Seven percent of the 297,498 encounters resulted in death within 30 days of the initial ED visit.
Performance of the models increased with greater complexity of the models and increased number of variables. The area under the curve (AUC) for predicting 30-day mortality was 0.77 for the computerized Pneumonia Severity Index model. High performance was also observed among models limited to age, sex and physiologic variables.
With a Pneumonia Severity Index score threshold of 970 and a mortality risk cutoff of < 2.7%, the computerized Pneumonia Severity Index score identified 31% of all patients who had a lower risk for all-cause mortality, while the boosted decision-tree algorithm machine learning Pneumonia Severity Index model using the Extreme Gradient Boosting algorithm with age, six and 26 other physiologic factors identified 53% of all patients as lower risk and the same boosted machine learning model with all 69 variables identified 56% of all patients as low risk, according to the results. The models determined similar rates of mortality, hospitalization and 7-day secondary hospitalization.

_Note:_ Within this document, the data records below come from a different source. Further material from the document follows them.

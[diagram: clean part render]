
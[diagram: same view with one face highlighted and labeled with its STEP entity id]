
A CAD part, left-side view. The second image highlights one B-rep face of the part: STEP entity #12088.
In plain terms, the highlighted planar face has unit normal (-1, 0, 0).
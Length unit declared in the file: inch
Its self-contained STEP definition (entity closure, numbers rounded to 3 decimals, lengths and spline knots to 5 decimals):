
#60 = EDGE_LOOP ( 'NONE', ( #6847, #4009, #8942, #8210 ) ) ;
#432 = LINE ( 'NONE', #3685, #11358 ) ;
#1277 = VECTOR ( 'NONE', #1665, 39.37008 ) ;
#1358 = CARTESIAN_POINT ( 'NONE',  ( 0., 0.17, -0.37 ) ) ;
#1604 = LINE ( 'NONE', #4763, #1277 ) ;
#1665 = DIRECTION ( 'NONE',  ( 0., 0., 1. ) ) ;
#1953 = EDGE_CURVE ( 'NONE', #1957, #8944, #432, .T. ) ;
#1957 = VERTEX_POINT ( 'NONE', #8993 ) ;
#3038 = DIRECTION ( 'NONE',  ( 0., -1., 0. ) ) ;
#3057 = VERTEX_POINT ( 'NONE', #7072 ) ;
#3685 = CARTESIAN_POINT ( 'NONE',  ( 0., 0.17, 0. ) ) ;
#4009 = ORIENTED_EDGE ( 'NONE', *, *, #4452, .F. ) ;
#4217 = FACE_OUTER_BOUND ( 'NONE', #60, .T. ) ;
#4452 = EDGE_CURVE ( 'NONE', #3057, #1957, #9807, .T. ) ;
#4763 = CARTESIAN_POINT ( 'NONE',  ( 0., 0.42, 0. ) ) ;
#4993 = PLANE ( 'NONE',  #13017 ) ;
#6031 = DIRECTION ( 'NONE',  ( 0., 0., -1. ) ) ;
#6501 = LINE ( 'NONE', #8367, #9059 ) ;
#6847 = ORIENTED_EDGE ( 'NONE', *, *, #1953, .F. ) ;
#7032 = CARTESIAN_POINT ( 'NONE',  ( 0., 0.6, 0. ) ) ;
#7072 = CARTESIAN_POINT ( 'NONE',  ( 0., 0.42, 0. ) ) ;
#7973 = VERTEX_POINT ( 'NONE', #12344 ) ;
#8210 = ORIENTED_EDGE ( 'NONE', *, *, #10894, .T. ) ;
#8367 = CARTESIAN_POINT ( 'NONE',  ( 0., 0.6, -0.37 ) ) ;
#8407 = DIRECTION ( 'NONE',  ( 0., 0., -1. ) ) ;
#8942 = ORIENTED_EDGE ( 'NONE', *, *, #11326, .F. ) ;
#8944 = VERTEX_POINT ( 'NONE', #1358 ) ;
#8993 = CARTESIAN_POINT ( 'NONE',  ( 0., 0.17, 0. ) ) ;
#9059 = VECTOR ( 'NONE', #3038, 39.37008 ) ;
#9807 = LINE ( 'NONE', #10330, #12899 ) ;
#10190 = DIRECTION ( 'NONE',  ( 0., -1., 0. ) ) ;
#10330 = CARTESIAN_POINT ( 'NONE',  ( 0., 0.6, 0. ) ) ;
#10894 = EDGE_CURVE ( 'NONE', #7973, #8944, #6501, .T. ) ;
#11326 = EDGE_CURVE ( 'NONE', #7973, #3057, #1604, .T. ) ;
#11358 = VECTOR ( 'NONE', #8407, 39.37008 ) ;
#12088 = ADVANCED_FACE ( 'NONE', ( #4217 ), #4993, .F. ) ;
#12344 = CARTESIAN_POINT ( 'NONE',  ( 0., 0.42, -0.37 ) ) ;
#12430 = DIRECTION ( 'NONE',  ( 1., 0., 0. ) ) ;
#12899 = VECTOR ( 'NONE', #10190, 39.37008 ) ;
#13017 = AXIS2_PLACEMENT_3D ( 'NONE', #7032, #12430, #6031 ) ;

“As our health care systems advance, so do the ways we conceptualize illness severity. The advantage of the original [pneumonia severity index] is that it is familiar, well-
validated heuristic that provides consistency that can reduce inequities and unwarranted variation despite increasing information and the demands placed on clinicians,” the researchers wrote. “The disadvantage is that it is both burdensome and oversimplified: clinicians take far more features into consideration when assessing illness severity and the amount of clinical data that can be accommodated — with the help of computers — has increased.”